Oltre che costruita, l’identità della prima modernità è anche legiferata: l’aspetto non ha a che fare solo con la scelta degli abiti e degli accessori, ma anche con ciò che la legge consente o meno. L’abbigliamento rappresenta uno dei segni più visibili dello status dell’individuo e ciò a maggior ragione in un’epoca di rinnovamento delle relazioni gerarchiche tra le classi dettato da un’ascesa borghese che si rivelerà inarrestabile.
Sono soprattutto i casi di corss-dressing, di slittamento di abitudini e gusti tra le diverse classi, a determinare la nascita di leggi suntuarie volte a preservare e disciplinare l’ordine sociale e il controllo sulle donne, costrette a conformarsi all’immagine di modestia e decoro e al disciplinamento del corpo. Nonostante gli intenti, sottolinea Paulicelli, tali leggi non hanno saputo mantenere l’ordine previsto in quanto spesso aggirate. Da tali infrazioni, da tali slittamenti tra classi, hanno spesso preso vita nuovi stili.

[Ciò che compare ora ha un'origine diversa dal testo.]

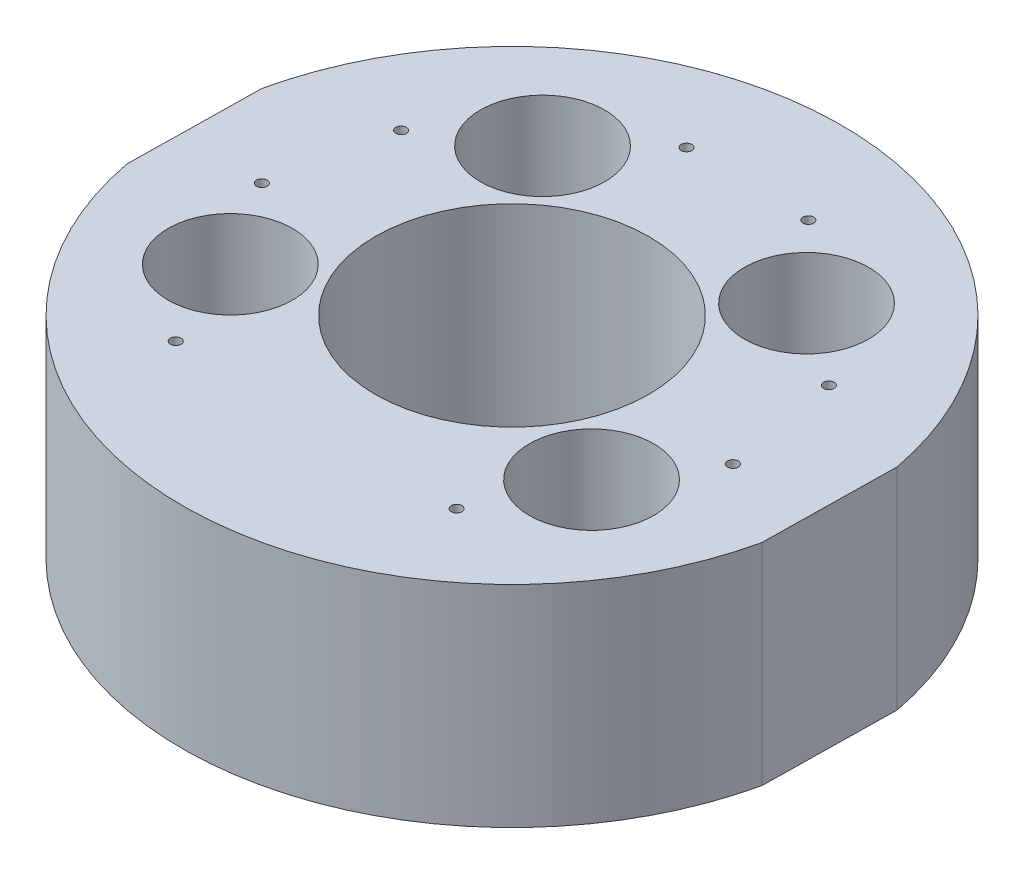
ISO-10303-21;
HEADER;
FILE_DESCRIPTION(('STEP AP214'),'2;1');
FILE_NAME('part.step','',(''),(''),'','','');
FILE_SCHEMA(('AUTOMOTIVE_DESIGN { 1 0 10303 214 1 1 1 1 }'));
ENDSEC;
DATA;
#1=APPLICATION_CONTEXT('core data for automotive mechanical design processes');
#2=APPLICATION_PROTOCOL_DEFINITION('international standard','automotive_design',2000,#1);
#3=PRODUCT_CONTEXT('',#1,'mechanical');
#4=PRODUCT('Part','Part','',(#3));
#5=PRODUCT_RELATED_PRODUCT_CATEGORY('part','',(#4));
#6=PRODUCT_DEFINITION_FORMATION('','',#4);
#7=PRODUCT_DEFINITION_CONTEXT('part definition',#1,'design');
#8=PRODUCT_DEFINITION('design','',#6,#7);
#9=PRODUCT_DEFINITION_SHAPE('','',#8);
#10=(LENGTH_UNIT() NAMED_UNIT(*) SI_UNIT(.MILLI.,.METRE.));
#11=(NAMED_UNIT(*) PLANE_ANGLE_UNIT() SI_UNIT($,.RADIAN.));
#12=(NAMED_UNIT(*) SI_UNIT($,.STERADIAN.) SOLID_ANGLE_UNIT());
#13=UNCERTAINTY_MEASURE_WITH_UNIT(LENGTH_MEASURE(1.E-05),#10,'distance_accuracy_value','');
#14=(GEOMETRIC_REPRESENTATION_CONTEXT(3) GLOBAL_UNCERTAINTY_ASSIGNED_CONTEXT((#13)) GLOBAL_UNIT_ASSIGNED_CONTEXT((#10,
#11,#12)) REPRESENTATION_CONTEXT('',''));
#15=CARTESIAN_POINT('',(0.,0.,0.));
#16=DIRECTION('',(0.,0.,1.));
#17=DIRECTION('',(1.,0.,0.));
#18=AXIS2_PLACEMENT_3D('',#15,#16,#17);
#19=CARTESIAN_POINT('',(-1.02943253800123,39.5,1.15205181792758));
#20=DIRECTION('',(0.,1.,0.));
#21=DIRECTION('',(0.,0.,1.));
#22=AXIS2_PLACEMENT_3D('',#19,#20,#21);
#23=PLANE('',#22);
#24=CARTESIAN_POINT('',(-41.5047424392578,39.5,-18.5138905291484));
#25=DIRECTION('',(0.,1.,0.));
#26=DIRECTION('',(0.,0.,1.));
#27=AXIS2_PLACEMENT_3D('',#24,#25,#26);
#28=CIRCLE('',#27,0.999999999999998);
#29=CARTESIAN_POINT('',(-41.5047424392578,39.5,-17.5138905291484));
#30=VERTEX_POINT('',#29);
#31=EDGE_CURVE('E41',#30,#30,#28,.T.);
#32=ORIENTED_EDGE('',*,*,#31,.F.);
#33=EDGE_LOOP('',(#32));
#34=FACE_BOUND('',#33,.T.);
#35=CARTESIAN_POINT('',(-45.985781079176,39.5,3.13364860960269));
#36=DIRECTION('',(0.,1.,0.));
#37=DIRECTION('',(0.,0.,1.));
#38=AXIS2_PLACEMENT_3D('',#35,#36,#37);
#39=CIRCLE('',#38,0.999999999999999);
#40=CARTESIAN_POINT('',(-45.985781079176,39.5,4.13364860960269));
#41=VERTEX_POINT('',#40);
#42=EDGE_CURVE('E137',#41,#41,#39,.T.);
#43=ORIENTED_EDGE('',*,*,#42,.F.);
#44=EDGE_LOOP('',(#43));
#45=FACE_BOUND('',#44,.T.);
#46=CARTESIAN_POINT('',(-28.3813979746461,39.5,36.8853694186284));
#47=DIRECTION('',(0.,1.,0.));
#48=DIRECTION('',(0.,0.,1.));
#49=AXIS2_PLACEMENT_3D('',#46,#47,#48);
#50=CIRCLE('',#49,1.);
#51=CARTESIAN_POINT('',(-28.3813979746461,39.5,37.8853694186284));
#52=VERTEX_POINT('',#51);
#53=EDGE_CURVE('E134',#52,#52,#50,.T.);
#54=ORIENTED_EDGE('',*,*,#53,.F.);
#55=EDGE_LOOP('',(#54));
#56=FACE_BOUND('',#55,.T.);
#57=CARTESIAN_POINT('',(25.1688006416338,39.5,37.7396532460756));
#58=DIRECTION('',(0.,1.,0.));
#59=DIRECTION('',(0.,0.,1.));
#60=AXIS2_PLACEMENT_3D('',#57,#58,#59);
#61=CIRCLE('',#60,1.);
#62=CARTESIAN_POINT('',(25.1688006416338,39.5,38.7396532460756));
#63=VERTEX_POINT('',#62);
#64=EDGE_CURVE('E130',#63,#63,#61,.T.);
#65=ORIENTED_EDGE('',*,*,#64,.F.);
#66=EDGE_LOOP('',(#65));
#67=FACE_BOUND('',#66,.T.);
#68=CARTESIAN_POINT('',(43.8408307817754,39.5,4.56664837001532));
#69=DIRECTION('',(0.,1.,0.));
#70=DIRECTION('',(0.,0.,1.));
#71=AXIS2_PLACEMENT_3D('',#68,#69,#70);
#72=CIRCLE('',#71,0.999999999999999);
#73=CARTESIAN_POINT('',(43.8408307817754,39.5,5.56664837001532));
#74=VERTEX_POINT('',#73);
#75=EDGE_CURVE('E126',#74,#74,#72,.T.);
#76=ORIENTED_EDGE('',*,*,#75,.F.);
#77=EDGE_LOOP('',(#76));
#78=FACE_BOUND('',#77,.T.);
#79=CARTESIAN_POINT('',(40.0525810184068,39.5,-17.2128103419404));
#80=DIRECTION('',(0.,1.,0.));
#81=DIRECTION('',(0.,0.,1.));
#82=AXIS2_PLACEMENT_3D('',#79,#80,#81);
#83=CIRCLE('',#82,1.);
#84=CARTESIAN_POINT('',(40.0525810184068,39.5,-16.2128103419404));
#85=VERTEX_POINT('',#84);
#86=EDGE_CURVE('E122',#85,#85,#83,.T.);
#87=ORIENTED_EDGE('',*,*,#86,.F.);
#88=EDGE_LOOP('',(#87));
#89=FACE_BOUND('',#88,.T.);
#90=CARTESIAN_POINT('',(11.2760466756778,39.5,-42.1327628556033));
#91=DIRECTION('',(0.,1.,0.));
#92=DIRECTION('',(0.,0.,1.));
#93=AXIS2_PLACEMENT_3D('',#90,#91,#92);
#94=CIRCLE('',#93,1.);
#95=CARTESIAN_POINT('',(11.2760466756778,39.5,-41.1327628556033));
#96=VERTEX_POINT('',#95);
#97=EDGE_CURVE('E118',#96,#96,#94,.T.);
#98=ORIENTED_EDGE('',*,*,#97,.F.);
#99=EDGE_LOOP('',(#98));
#100=FACE_BOUND('',#99,.T.);
#101=CARTESIAN_POINT('',(-11.9479600481531,39.5,-42.5032543545264));
#102=DIRECTION('',(0.,1.,0.));
#103=DIRECTION('',(0.,0.,1.));
#104=AXIS2_PLACEMENT_3D('',#101,#102,#103);
#105=CIRCLE('',#104,1.);
#106=CARTESIAN_POINT('',(-11.9479600481531,39.5,-41.5032543545264));
#107=VERTEX_POINT('',#106);
#108=EDGE_CURVE('E113',#107,#107,#105,.T.);
#109=ORIENTED_EDGE('',*,*,#108,.F.);
#110=EDGE_LOOP('',(#109));
#111=FACE_BOUND('',#110,.T.);
#112=CARTESIAN_POINT('',(33.1065521303134,39.5,20.3661126777402));
#113=DIRECTION('',(0.,1.,0.));
#114=DIRECTION('',(0.,0.,1.));
#115=AXIS2_PLACEMENT_3D('',#112,#113,#114);
#116=CIRCLE('',#115,11.666);
#117=CARTESIAN_POINT('',(33.1065521303134,39.5,32.0321126777402));
#118=VERTEX_POINT('',#117);
#119=EDGE_CURVE('E168',#118,#118,#116,.T.);
#120=ORIENTED_EDGE('',*,*,#119,.F.);
#121=EDGE_LOOP('',(#120));
#122=FACE_BOUND('',#121,.T.);
#123=CARTESIAN_POINT('',(-25.7151840641316,39.5,-29.2627349738644));
#124=DIRECTION('',(0.,1.,0.));
#125=DIRECTION('',(0.,0.,1.));
#126=AXIS2_PLACEMENT_3D('',#123,#124,#125);
#127=CIRCLE('',#126,11.666);
#128=CARTESIAN_POINT('',(-25.7151840641316,39.5,-17.5967349738644));
#129=VERTEX_POINT('',#128);
#130=EDGE_CURVE('E180',#129,#129,#127,.T.);
#131=ORIENTED_EDGE('',*,*,#130,.F.);
#132=EDGE_LOOP('',(#131));
#133=FACE_BOUND('',#132,.T.);
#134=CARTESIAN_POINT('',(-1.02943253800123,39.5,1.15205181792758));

Gli studi femministi hanno mostrato come il ruolo della donna, perlomeno all’interno dell’alta società, nei confronti della moda non sia stato assolutamente passivo. Anzi, il controllo che hanno saputo esercitare sulla moda e sullo stile, nonostante le norme e le leggi, sta ad indicare come l’abbigliamento sia diventato «un luogo in cui attirare l’attenzione sociale su loro stesse all’interno di un panorama culturale che cercava di annientarle come agenti del proprio personaggio, pubblico o privato». (p. 87).